Example: synchronized proxy

Similarly, the JDK has several classes which do nothing but synchronize on this and then forward the method to an underlying instance:

class SyncProxyForList<T> implements List<T> {
    private final List<T> underlying;
    private final Object mutex;

    SyncProxyForList(List<T> underlying) { 
        this.underlying = underlying; 
        this.mutex = underlying;
    }

    int size() {
        synchronized (mutex) { 
            return underlying.size();
        }
    }
    ...
}

Again, this pattern can be automatically expanded by a classdynamic bootstrap, whose type arguments are the interface to be proxied.

Many even more interesting examples can arise (e.g., tuples) when a classdynamic bootstrap can generate value types.

Caching and identity

With nominal identification of classes, two classes are considered the same if they have the same name and same class loader; the mapping from (class loader, name) to class is cached so that subsequent references to the same class do not re-trigger classloading. Similarly, we need to do the same with structurally defined classes; a straightforward structural equality can be defined on structural class descriptors, and similar caching is needed.
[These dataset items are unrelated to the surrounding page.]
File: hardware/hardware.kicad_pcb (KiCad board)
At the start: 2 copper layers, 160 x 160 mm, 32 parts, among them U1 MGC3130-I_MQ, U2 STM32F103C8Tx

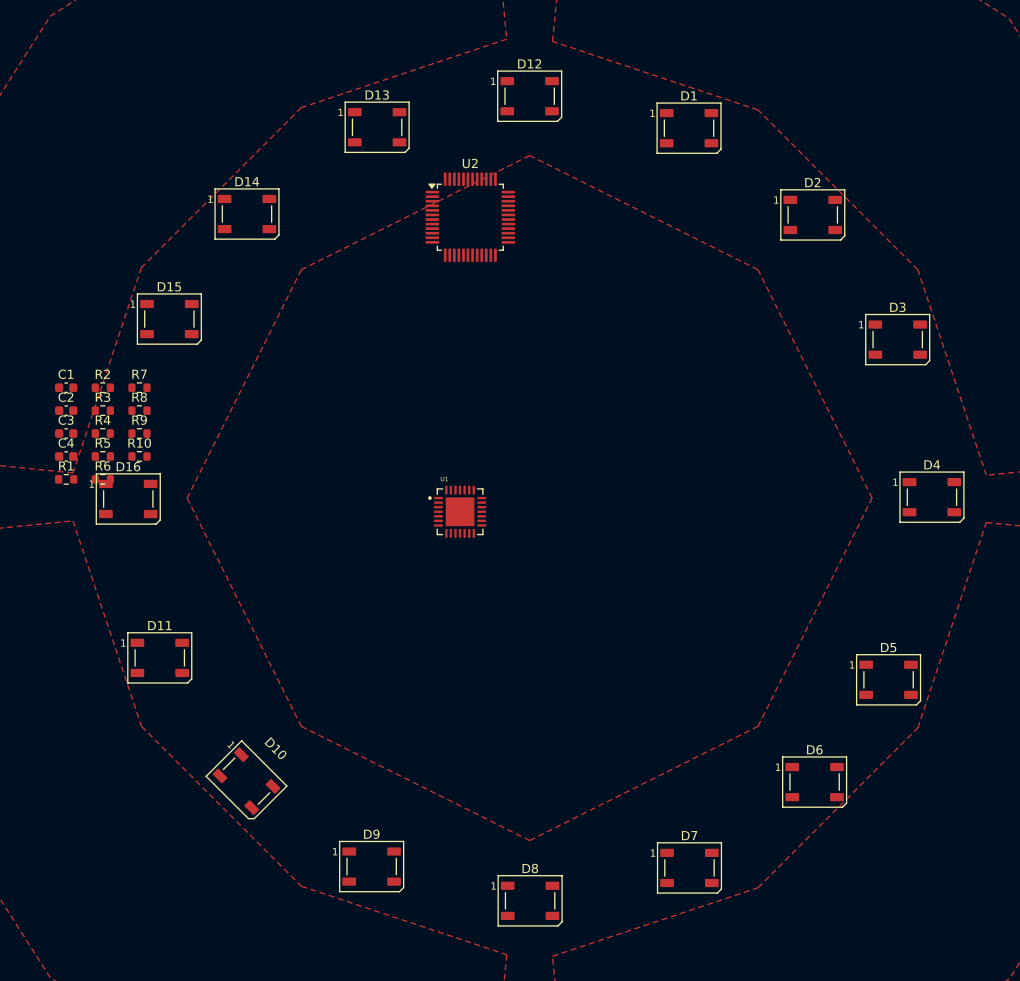
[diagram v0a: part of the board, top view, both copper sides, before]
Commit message: update sensor connections
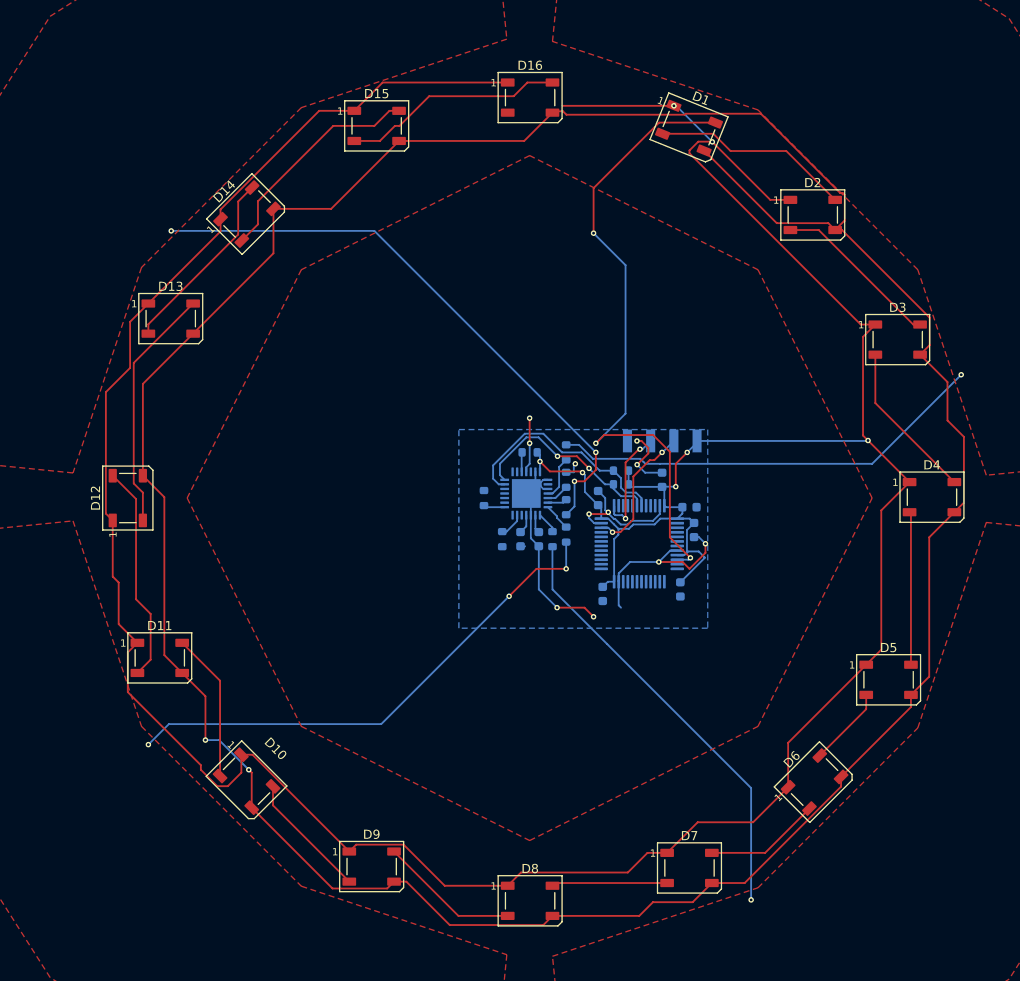
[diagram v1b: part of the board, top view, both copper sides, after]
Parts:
- added C5: 2.2uf, Capacitor_SMD:C_0603_1608Metric, B.Cu at (168.0, 103.5)
- added C6: 2.2uf, Capacitor_SMD:C_0603_1608Metric, B.Cu at (167.5, 101.0)
- added C7: 2.2uf, Capacitor_SMD:C_0603_1608Metric, B.Cu at (158.0, 110.5)
- added C8: 2.2uf, Capacitor_SMD:C_0603_1608Metric, B.Cu at (166.5, 110.0)
- added J1: Conn_01x04, Connector_Harwin:Harwin_M20-89004xx_1x04_P2.54mm_Horizontal, B.Cu at (164.5, 88.2)
- C1, C2, C3, C4, R1, R10, R2, R3, R4, R5, R6, R7, R8, R9, U1, U2: moved to B.Cu
- moved C4 65.3 mm to (164.5, 98.0), turned to -90 degrees
- moved D12 62.2 mm to (106.0, 100.0), turned to 90 degrees
- moved D16 62.2 mm to (150.1, 56.1)
- moved C3 58.7 mm to (157.5, 100.0), turned to -90 degrees
- moved C1 54.3 mm to (151.0, 104.5), turned to 90 degrees
- moved R7 53.8 mm to (160.0, 98.5), turned to 180 degrees
- moved R1 53.6 mm to (152.5, 104.5), turned to -90 degrees
- moved R10 52.7 mm to (160.0, 97.0), turned to 180 degrees
- moved C2 51.7 mm to (149.0, 104.5), turned to 90 degrees
- moved R5 51.5 mm to (154.0, 104.0), turned to -90 degrees
- moved R4 51.4 mm to (154.0, 101.0), turned to -90 degrees
- moved R3 51.3 mm to (154.0, 98.0), turned to 90 degrees
- moved R2 51.2 mm to (154.0, 95.0), turned to -90 degrees
- moved R6 46.8 mm to (150.0, 95.0), turned to 180 degrees
- moved R9 41.4 mm to (147.0, 104.5), turned to 90 degrees
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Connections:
- R1 pad 2: CENTER -> WEST
- R2 pad 1: WEST -> NORTH
- R3 pad 2: SOUTH -> CENTER
- R4 pad 2: NORTH -> EAST
- R5 pad 2: EAST -> SOUTH
- U2 pad 1: unconnected-(U2-VBAT-Pad1) -> +3V3
- U2 pad 10: unconnected-(U2-PA0-Pad10) -> WS2812
- U2 pad 23: Net-(U2-VSS-Pad23) -> GND
- U2 pad 24: unconnected-(U2-VDD-Pad24) -> +3V3
- U2 pad 34: unconnected-(U2-PA13-Pad34) -> SWDIO
- U2 pad 35: Net-(U2-VSS-Pad23) -> GND
- U2 pad 36: unconnected-(U2-VDD-Pad36) -> +3V3
- U2 pad 37: unconnected-(U2-PA14-Pad37) -> SWCLK
- U2 pad 47: Net-(U2-VSS-Pad23) -> GND
- U2 pad 48: unconnected-(U2-VDD-Pad48) -> +3V3
- U2 pad 8: unconnected-(U2-VSSA-Pad8) -> GND
- U2 pad 9: unconnected-(U2-VDDA-Pad9) -> +3V3
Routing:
- net +3V3: track 0.00 -> 387.3 mm, vias 0 -> 7
- net GND: track 0.00 -> 386.2 mm, vias 0 -> 10
- net WS2812: track 0.00 -> 70.4 mm, vias 0 -> 3
- net EAST: track 0.00 -> 65.4 mm, vias 0 -> 3
- net SOUTH: track 0.00 -> 56.6 mm, vias 0 -> 3
- net NORTH: track 0.00 -> 48.1 mm, vias 0 -> 1
- net WEST: track 0.00 -> 47.7 mm, vias 0 -> 1
- net Net-(D12-DOUT): track 0.00 -> 26.9 mm
- net SDA: track 0.00 -> 25.0 mm
- net Net-(D14-DOUT): track 0.00 -> 24.7 mm
- net Net-(D15-DOUT): track 0.00 -> 24.4 mm
- net Net-(D11-DOUT): track 0.00 -> 23.9 mm
- net SCL: track 0.00 -> 22.0 mm, vias 0 -> 2
- net Net-(D1-DOUT): track 0.00 -> 21.9 mm
- net Net-(D13-DOUT): track 0.00 -> 20.7 mm
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- added copper zone on F.Cu, net EAST
- added copper zone on B.Cu, net GND
- added copper zone on F.Cu, net SOUTH
- added copper zone on F.Cu, net WEST

Interaction with class loaders

When describing a dynamic class like { ForwardingProxy(I) }, there are two points of interaction with class loaders; with which class loader should the class I be loaded, and in which class loader should the resulting forwarding proxy be loaded?

For a simple class description like { ForwardingProxy(I) }, there are three obvious choices: the class loader of the class initiating the request, the class loader for I, or the class loader for ForwardingProxy (subject to the constraint that, whatever class loader is chosen, I must be visible to that class loader). When more types are involved, such as { ForwardingProxy(I1, I2) }, the possibility exists that I1 and I2 do not come from the same loader.

Further, the "right" answer will likely depend on what the bootstrap does. For a bootstrap that generates a primitive specialization of a class, the right answer is probably "the same loader that loaded the generic class." However, this is almost certainly not the right answer for all cases (and raises significant security issues.) Significant additional analysis is needed in this area.